Job hang with Wait Event: log file switch (private strand flush incomplete)
If only someone will give us a buck for each bug that we “(re)discoverer” in 10g (precisely 10.2.0.x). I wonder if 10g (R1 & R2) is (was) really a production level product at all. Sometimes, I feel working with 10g is very much like working with a Beta product – just an expensive one :-(.
I can only hope that Oracle will keep patching 10g R2 to at least patchset 10.2.0.8 – yeah, I know, a zero chance for that to happen. I guess we’ll have to live with tons of bugs for several years.
Today, I had to kill hanged job that was spending hours waiting for the event: log file switch (private strand flush incomplete).

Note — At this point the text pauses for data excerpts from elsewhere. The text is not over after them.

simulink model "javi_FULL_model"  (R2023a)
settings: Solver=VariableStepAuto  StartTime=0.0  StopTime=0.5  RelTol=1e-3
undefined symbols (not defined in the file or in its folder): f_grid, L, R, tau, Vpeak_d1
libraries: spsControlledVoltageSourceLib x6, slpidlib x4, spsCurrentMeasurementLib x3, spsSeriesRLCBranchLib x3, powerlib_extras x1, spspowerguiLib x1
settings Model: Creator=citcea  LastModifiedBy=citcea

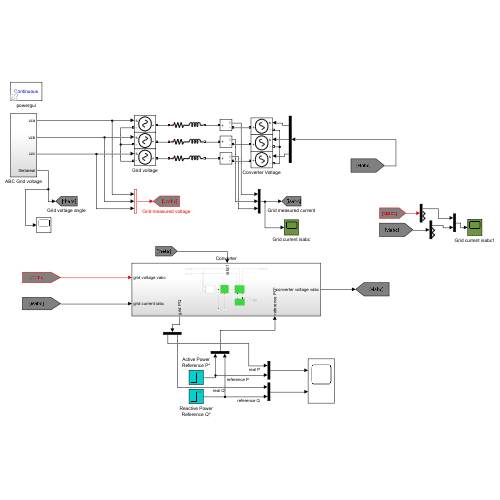
[thumbnail: Simulink's stored preview of the top-level diagram]
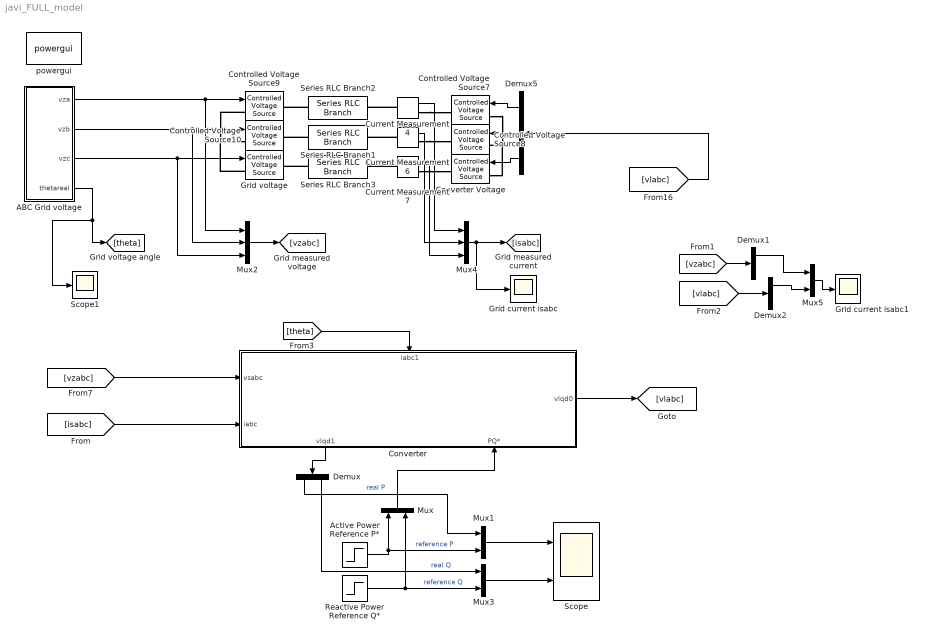
== system javi_FULL_model ==
  ABC Grid voltage : Subsystem
  Active Power Reference P* : Step  Time=0.1  After=100e6  SampleTime=0
  Controlled Voltage Source{7..10} (4 alike) : spsControlledVoltageSourceLib/Controlled Voltage Source  Initialize=off  Source_Type=AC  Amplitude=0  Phase=0  Frequency=0  Measurements=None
  Converter : Subsystem
      settings: PortSchema="{\"entries\":[{\"content\":{\"sides\":[{\"content\":{\"connectorIds\":[\"In1\",\"In2\"]},\"type\":\"ConnectorPlacement.EquallySpacedRectSide\",\"uuid\":\"584062e5-d349-4a6c-b774-2e2a2bb48d68\"},{\"content\":{\"connectorIds\":[\"Out1\"],\"side\":\"RIGHT\"},\"type\":\"ConnectorPlacement.EquallySpacedRectSide\",\"uuid\":\"a9b3d7e8-76a4-441e-96b8-94fa9e4298b7\"},{\"content\":{\"connectorIds\":[\"In3\"],\"side\":\"TOP\"},\"type\":\"ConnectorPlacement.EquallySpacedRectSide\",\"uuid\":\"fa132551-d5a3-4871-9f18-bb1732292fbb\"},{\"content\":{\"connectorIds\":[\"Out2\",\"In4\"],\"side\":\"BOTTOM\"},\"type\":\"ConnectorPlacement.EquallySpacedRectSide\",\"uuid\":\"9abb25d7-96ea-4765-9339-f819af1c9234\"}]},\"type\":\"ConnectorPlacement.EquallySpacedConnector\",\"uuid\":\"67c0bfb2-b216-417e-864f-4c59b5de7996\"}],\"packageUris\":[\"http://schema.mathworks.com/mf0/Connector/R2020b\"],\"version\":\"1.0\"}"
  Converter Voltage : spsControlledVoltageSourceLib/Controlled Voltage Source  Initialize=off  Source_Type=AC  Amplitude=0  Phase=0  Frequency=0  Measurements=None
  Current Measurement4 : spsCurrentMeasurementLib/Current Measurement  PhasorSimulation=off  OutputType=Complex  PSBequivalent=0
  Current Measurement6 : spsCurrentMeasurementLib/Current Measurement  PhasorSimulation=off  OutputType=Complex  PSBequivalent=0
  Current Measurement7 : spsCurrentMeasurementLib/Current Measurement  PhasorSimulation=off  OutputType=Complex  PSBequivalent=0
  Demux : Demux  Outputs=2
  Demux1 : Demux  Outputs=3
  Demux2 : Demux  Outputs=3
  Demux5 : Demux  Outputs=3
  Grid current isabc : Scope
  Grid current isabc1 : Scope
  Grid voltage : spsControlledVoltageSourceLib/Controlled Voltage Source  Initialize=off  Source_Type=AC  Amplitude=0  Phase=0  Frequency=0  Measurements=None
  Mux{,1,3,5} (4 alike) : Mux  Inputs=2
  Mux2 : Mux  Inputs=3
  Mux4 : Mux  Inputs=3
  Reactive Power Reference Q* : Step  Time=0.3  After=10e6  SampleTime=0
  Scope : Scope  NumInputPorts=2
  Scope1 : Scope
  Series RLC Branch1 : spsSeriesRLCBranchLib/Series RLC Branch  LConnTagsString=__new0  RConnTagsString=__new0  BranchType=RL  Resistance=R  Inductance=L  SetiL0=off  InitialCurrent=0  Capacitance=0  Setx0=off  InitialVoltage=0  Measurements=None
  Series RLC Branch2 : spsSeriesRLCBranchLib/Series RLC Branch  LConnTagsString=__new0  RConnTagsString=__new0  BranchType=RL  Resistance=R  Inductance=L  SetiL0=off  InitialCurrent=0  Capacitance=0  Setx0=off  InitialVoltage=0  Measurements=None
  Series RLC Branch3 : spsSeriesRLCBranchLib/Series RLC Branch  LConnTagsString=__new0  RConnTagsString=__new0  BranchType=RL  Resistance=R  Inductance=L  SetiL0=off  InitialCurrent=0  Capacitance=0  Setx0=off  InitialVoltage=0  Measurements=None
  powergui : spspowerguiLib/powergui  Priority=1  SimulationMode=Continuous  SampleTime=50e-6  frequency=60  Iterations=50  frequencyindice=0  Pbase=100e6  ErrMax=1e-4  UnitsV=kV  UnitsW=MW  buscounter=0  FunctionMessages=off  echomessages=off  EnableUseOfTLC=off  CurrentSourceSwitches=on  DisableSnubberDevices=off  DisableRonSwitches=off  DisableVfSwitches=off  DisplayEquations=off  AutomaticDiscreteSolvers=off  SolverType=Tustin  Interpol=off  ExternalGateDelay=off  methode=off  Ts=0  x0status=blocks  SPID=off  SwTol=0  HookPort=off  NonlinearTolerance=1e-4  nMaxIteration=100  ContinueOnMaxIteration=off  RestoreLinks=warning  ResistiveCurrentMeasurement=off  Frange=[0:2:500]  Ylog=off  Xlog=on  ShowGrid=off  save=off  variable=ZData  structure=0  ZoomFFT=off  StartTime=0.0  cycles=1  DisplayStyle=1  fundamental=60  FreqAxis=off  MaxFrequency=1000  frequencyindicesteady=1  RmsSteady=1  display=off
  wires:
  Mux2/1 -> [vzabc]
  Current Measurement4/1 -> Mux4/1
  Current Measurement6/1 -> Mux4/2
  Mux4/1 -> [isabc], Grid current isabc/1
  Current Measurement7/1 -> Mux4/3
  Demux5/3 -> Converter Voltage/1
  Demux5/1 -> Controlled Voltage Source7/1
  ABC Grid voltage/1(vza) -> Controlled Voltage Source9/1, Mux2/1
  ABC Grid voltage/2(vzb) -> Controlled Voltage Source10/1, Mux2/2
  ABC Grid voltage/3(vzc) -> Grid voltage/1, Mux2/3
  [vlabc] -> Demux5/1
  Demux5/2 -> Controlled Voltage Source8/1
  ABC Grid voltage/4(thetareal) -> Scope1/1, [theta]
  Converter/1(vlqd0) -> [vlabc]
  [isabc] -> Converter/2(iabc)
  [vzabc] -> Converter/1(vsabc)
  Mux/1 -> Converter/4(PQ*)
  Active Power Reference P*/1 -> Mux1/2, Mux/1  "reference P"
  Reactive Power Reference Q*/1 -> Mux3/2, Mux/2  "reference Q"
  Converter/2(vlqd1) -> Demux/1
  Demux/1 -> Mux1/1  "real P"
  Mux1/1 -> Scope/1
  Mux3/1 -> Scope/2
  Demux/2 -> Mux3/1  "real Q"
  [vzabc] -> Demux1/1
  [vlabc] -> Demux2/1
  Demux1/1 -> Mux5/1
  Mux5/1 -> Grid current isabc1/1
  Demux2/1 -> Mux5/2
  [theta] -> Converter/3(iabc1)
  connections:
  Grid voltage/LConn1 -- Controlled Voltage Source9/LConn1 -- Controlled Voltage Source10/LConn1
  Converter Voltage/LConn1 -- Controlled Voltage Source7/LConn1 -- Controlled Voltage Source8/LConn1
  Current Measurement4/LConn1 -- Series RLC Branch2/RConn1
  Series RLC Branch1/LConn1 -- Controlled Voltage Source10/RConn1
  Current Measurement6/RConn1 -- Controlled Voltage Source8/RConn1
  Current Measurement7/LConn1 -- Series RLC Branch3/RConn1
  Series RLC Branch2/LConn1 -- Controlled Voltage Source9/RConn1
  Current Measurement4/RConn1 -- Controlled Voltage Source7/RConn1
  Current Measurement6/LConn1 -- Series RLC Branch1/RConn1
  Current Measurement7/RConn1 -- Converter Voltage/RConn1
  Series RLC Branch3/LConn1 -- Grid voltage/RConn1

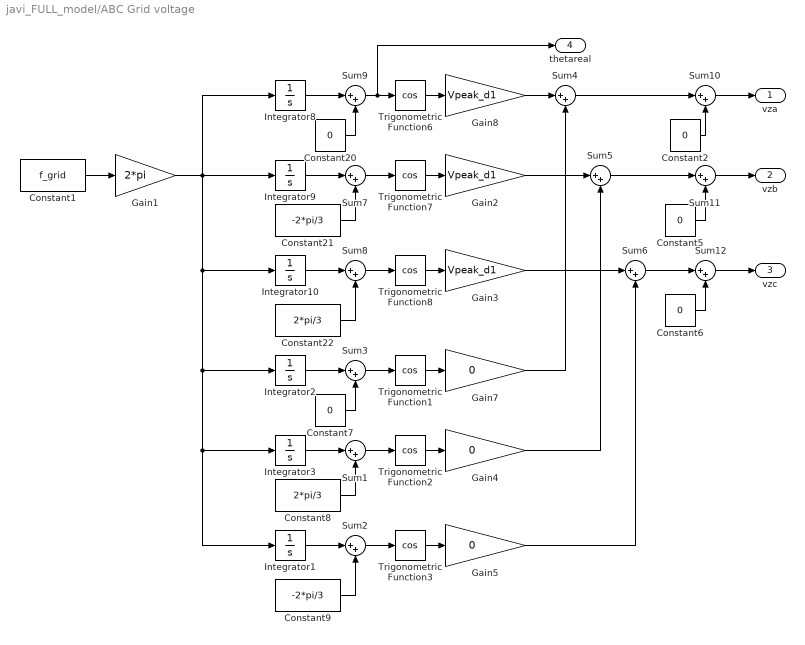
== system javi_FULL_model/ABC Grid voltage ==
  Constant1 : Constant  Value=f_grid
  Constant{2,5..7,20} (5 alike) : Constant  Value=0
  Constant21 : Constant  Value=-2*pi/3
  Constant22 : Constant  Value=2*pi/3
  Constant8 : Constant  Value=2*pi/3
  Constant9 : Constant  Value=-2*pi/3
  Gain1 : Gain  Gain=2*pi
  Gain2 : Gain  Gain=Vpeak_d1
  Gain3 : Gain  Gain=Vpeak_d1
  Gain4 : Gain  Gain=0
  Gain5 : Gain  Gain=0
  Gain7 : Gain  Gain=0
  Gain8 : Gain  Gain=Vpeak_d1
  Integrator{1..3,8..10} (6 alike) : Integrator
  Sum{1..12} (12 alike) : Sum  Inputs=|++
  Trigonometric Function{1..3,6..8} (6 alike) : Trigonometry  Operator=cos
  vza : Outport
  vzb : Outport  Port=2
  vzc : Outport  Port=3
  thetareal : Outport  Port=4
  wires:
  Sum12/1 -> vzc/1
  Sum11/1 -> vzb/1
  Sum10/1 -> vza/1
  Constant6/1 -> Sum12/2
  Constant5/1 -> Sum11/2
  Constant2/1 -> Sum10/2
  Sum6/1 -> Sum12/1
  Sum5/1 -> Sum11/1
  Sum4/1 -> Sum10/1
  Gain5/1 -> Sum6/2
  Gain4/1 -> Sum5/2
  Gain7/1 -> Sum4/2
  Trigonometric Function2/1 -> Gain4/1
  Trigonometric Function3/1 -> Gain5/1
  Sum3/1 -> Trigonometric Function1/1
  Constant9/1 -> Sum2/2
  Integrator1/1 -> Sum2/1
  Constant8/1 -> Sum1/2
  Integrator2/1 -> Sum3/1
  Gain1/1 -> Integrator9/1, Integrator8/1, Integrator10/1, Integrator2/1, Integrator1/1, Integrator3/1
  Sum1/1 -> Trigonometric Function2/1
  Constant7/1 -> Sum3/2
  Trigonometric Function1/1 -> Gain7/1
  Integrator3/1 -> Sum1/1
  Sum2/1 -> Trigonometric Function3/1
  Gain3/1 -> Sum6/1
  Gain2/1 -> Sum5/1
  Gain8/1 -> Sum4/1
  Trigonometric Function7/1 -> Gain2/1
  Trigonometric Function8/1 -> Gain3/1
  Constant1/1 -> Gain1/1
  Sum9/1 -> thetareal/1, Trigonometric Function6/1
  Constant22/1 -> Sum8/2
  Integrator10/1 -> Sum8/1
  Constant21/1 -> Sum7/2
  Integrator8/1 -> Sum9/1
  Sum7/1 -> Trigonometric Function7/1
  Constant20/1 -> Sum9/2
  Trigonometric Function6/1 -> Gain8/1
  Integrator9/1 -> Sum7/1
  Sum8/1 -> Trigonometric Function8/1

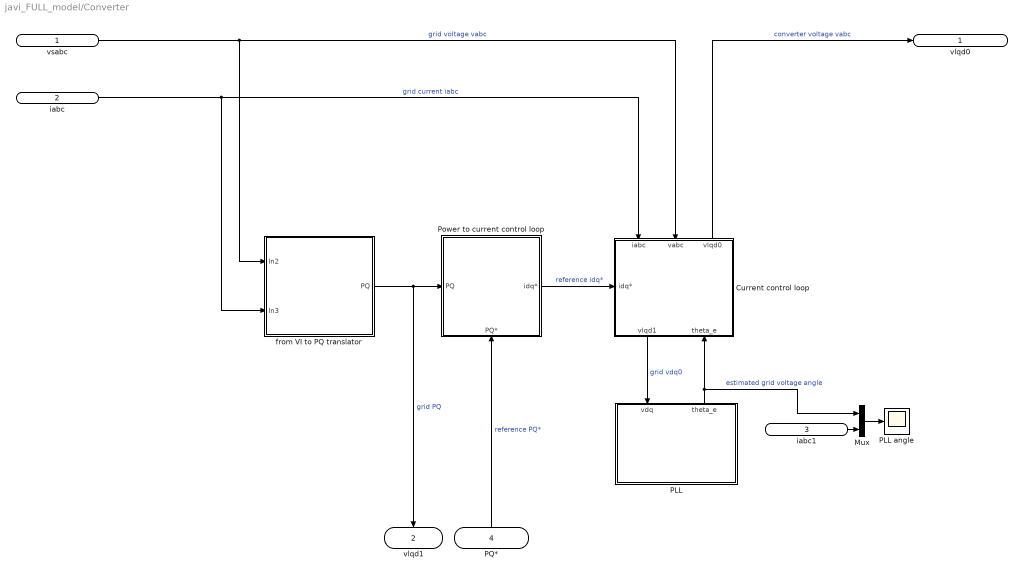
== system javi_FULL_model/Converter ==
  vsabc : Inport
  iabc : Inport  Port=2
  iabc1 : Inport  Port=3
  PQ* : Inport  Port=4
  Current control loop : Subsystem
      settings: PortSchema="{\"entries\":[{\"content\":{\"sides\":[{\"content\":{\"connectorIds\":[\"Out2\",\"In1\",\"In2\"]},\"type\":\"ConnectorPlacement.EquallySpacedRectSide\",\"uuid\":\"c04b464b-16ba-43bf-8c89-b835a7ede4b9\"},{\"content\":{\"connectorIds\":[\"In4\",\"Out1\"],\"side\":\"RIGHT\"},\"type\":\"ConnectorPlacement.EquallySpacedRectSide\",\"uuid\":\"740409c7-44aa-4313-af5e-f03563efb312\"},{\"content\":{\"side\":\"TOP\"},\"type\":\"ConnectorPlacement.EquallySpacedRectSide\",\"uuid\":\"d5fc34f0-88c0-4064-a212-e2f3525e0a41\"},{\"content\":{\"connectorIds\":[\"In3\"],\"side\":\"BOTTOM\"},\"type\":\"ConnectorPlacement.EquallySpacedRectSide\",\"uuid\":\"00c4ea66-ebf3-4884-86d2-74a5a00dfdcd\"}]},\"type\":\"ConnectorPlacement.EquallySpacedConnector\",\"uuid\":\"5b1879ce-fc34-4228-81c6-be4d14a0039a\"}],\"packageUris\":[\"http://schema.mathworks.com/mf0/Connector/R2020b\"],\"version\":\"1.0\"}"
  Mux : Mux  Inputs=2
  PLL : Subsystem
      settings: PortSchema="{\"entries\":[{\"content\":{\"sides\":[{\"content\":{\"connectorIds\":[\"Out1\",\"In1\"]},\"type\":\"ConnectorPlacement.EquallySpacedRectSide\",\"uuid\":\"1b368b75-2a8e-4f20-b703-977c9b032793\"},{\"content\":{\"side\":\"RIGHT\"},\"type\":\"ConnectorPlacement.EquallySpacedRectSide\",\"uuid\":\"82ee01ed-1d9e-40c1-8ec1-273e9e3bb456\"},{\"content\":{\"side\":\"TOP\"},\"type\":\"ConnectorPlacement.EquallySpacedRectSide\",\"uuid\":\"dfdc63e3-35c4-4b8d-aa5d-f501c13e42c1\"}]},\"type\":\"ConnectorPlacement.EquallySpacedConnector\",\"uuid\":\"13f018e6-0609-4dc5-a634-49aff68fea1b\"}],\"packageUris\":[\"http://schema.mathworks.com/mf0/Connector/R2020b\"],\"version\":\"1.0\"}"
  PLL angle : Scope
  Power to current control loop : Subsystem
      settings: PortSchema="{\"entries\":[{\"content\":{\"sides\":[{\"content\":{},\"type\":\"ConnectorPlacement.EquallySpacedRectSide\",\"uuid\":\"ef825e86-9abb-4c1d-b219-2a192ab282df\"},{\"content\":{\"connectorIds\":[\"In2\"],\"side\":\"RIGHT\"},\"type\":\"ConnectorPlacement.EquallySpacedRectSide\",\"uuid\":\"034459b8-9f08-4096-b542-16491f7ea4b2\"},{\"content\":{\"connectorIds\":[\"Out1\"],\"side\":\"TOP\"},\"type\":\"ConnectorPlacement.EquallySpacedRectSide\",\"uuid\":\"d0060c23-b394-4ccb-8e17-1dfe8e516f04\"},{\"content\":{\"connectorIds\":[\"In1\"],\"side\":\"BOTTOM\"},\"type\":\"ConnectorPlacement.EquallySpacedRectSide\",\"uuid\":\"50af44c6-d361-47aa-a23f-971b5daa1a8c\"}]},\"type\":\"ConnectorPlacement.EquallySpacedConnector\",\"uuid\":\"aefb8199-1196-4dbb-bffd-0cb2c3c781ab\"}],\"packageUris\":[\"http://schema.mathworks.com/mf0/Connector/R2020b\"],\"version\":\"1.0\"}"
  from VI to PQ translator : Subsystem
  vlqd0 : Outport
  vlqd1 : Outport  Port=2
  wires:
  vsabc/1 -> Current control loop/1(vabc), from VI to PQ translator/1(In2)  "grid voltage vabc"
  iabc/1 -> Current control loop/2(iabc), from VI to PQ translator/2(In3)  "grid current iabc"
  Current control loop/2(vlqd0) -> vlqd0/1  "converter voltage vabc"
  PLL/1(theta_e) -> Mux/1, Current control loop/4(theta_e)  "estimated grid voltage angle"
  Power to current control loop/1(idq*) -> Current control loop/3(idq*)  "reference idq*"
  PQ*/1 -> Power to current control loop/2(PQ*)  "reference PQ*"
  from VI to PQ translator/1(PQ) -> Power to current control loop/1(PQ), vlqd1/1  "grid PQ"
  Current control loop/1(vlqd1) -> PLL/1(vdq)  "grid vdq0"
  iabc1/1 -> Mux/2
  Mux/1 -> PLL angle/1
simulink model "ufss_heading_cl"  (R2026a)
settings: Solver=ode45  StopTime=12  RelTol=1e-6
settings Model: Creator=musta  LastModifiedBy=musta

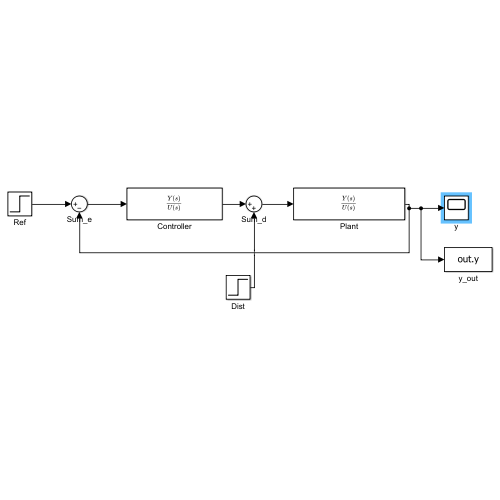
[thumbnail: Simulink's stored preview of the top-level diagram]
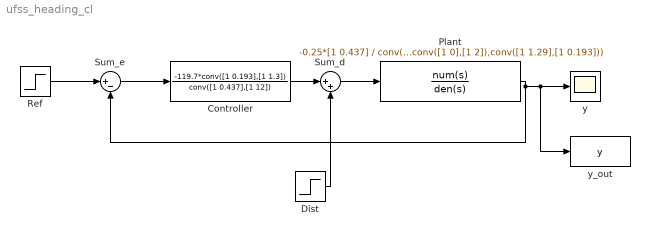
== system ufss_heading_cl ==
  Controller : TransferFcn  Numerator=-119.7*conv([1 0.193],[1 1.3])  Denominator=conv([1 0.437],[1 12])
  Dist : Step  Time=6  FinalValue=0  SampleTime=0
  Plant : TransferFcn  Numerator=-0.25*[1 0.437]  Denominator=conv(conv([1 0],[1 2]),conv([1 1.29],[1 0.193]))
  Ref : Step  Time=0  SampleTime=0
  Sum_d : Sum  Inputs=|++
  Sum_e : Sum  Inputs=|+-
  y : Scope
      settings: ActiveDisplayYMinimum=-1  ActiveDisplayYMaximum=1
  y_out : ToWorkspace  VariableName=y  SaveFormat=Timeseries  SampleTime=-1
  wires:
  Ref/1 -> Sum_e/1
  Sum_e/1 -> Controller/1
  Controller/1 -> Sum_d/1
  Dist/1 -> Sum_d/2
  Sum_d/1 -> Plant/1
  Plant/1 -> y/1, y_out/1, Sum_e/2

Perhaps you noticed occasional “Private Strand Flush Not Complete” message in alert.log, that can be safely ignored, as described in Metalink note 372557.1 Alert Log Messages: Private Strand Flush Not Complete, this notice can for example follow after you manually switch log file.
Our scenario is different:
- application developer started job via dbms_job
- inside job execution time frame, daily RMAN incremental backup started and finished (in approx. 10 minutes). Part of the backup job is also a log switch – nothing more than a detail that I think is worth mentioning
- RMAN job completed successfully, but the other job that was running simply hanged waiting on above event for several more hours – I could not confirm that the deadlock happened at exact time when log switch that is part of RMAN daily backup job kicked in
- just for the record, everything was ok with archiver and I/O subsystem
I’m not applying that log switch that was part of RMAN job “locked” other process running the job. It’s just the fact that at the time of the hang only job submitted with dbms_job and RMAN backup were active, perhaps it’s just a coincidence and those two events are not related at all!?
Anyway, a quick search on Metalink revealed the recently filled bug that resembles our case very well:
6806770 LGWR SPINS WHEN OTHER PROCESSES ARE WAITING FOR ‘LOG FILE SWITCH’
What worries me is that bug is somehow connected with a bag of 10g so called “new features behind the scene” – one such feature is In Memory Undo (IMU) and that only workaround proposed is to disable IMU by setting _in_memory_undo = FALSE.
How unfortunate is that? I was just recently reading an excellent white paper written by Craig Shallahamer about IMU.
For now, I decided not to turn IMU off – but if the problem persist then I’m afraid we’ll have to turn In Memory Undo off. (It’s becoming some kind of a folklore – get to know the cool new features, then turn them off and wait until they’re debugged:-).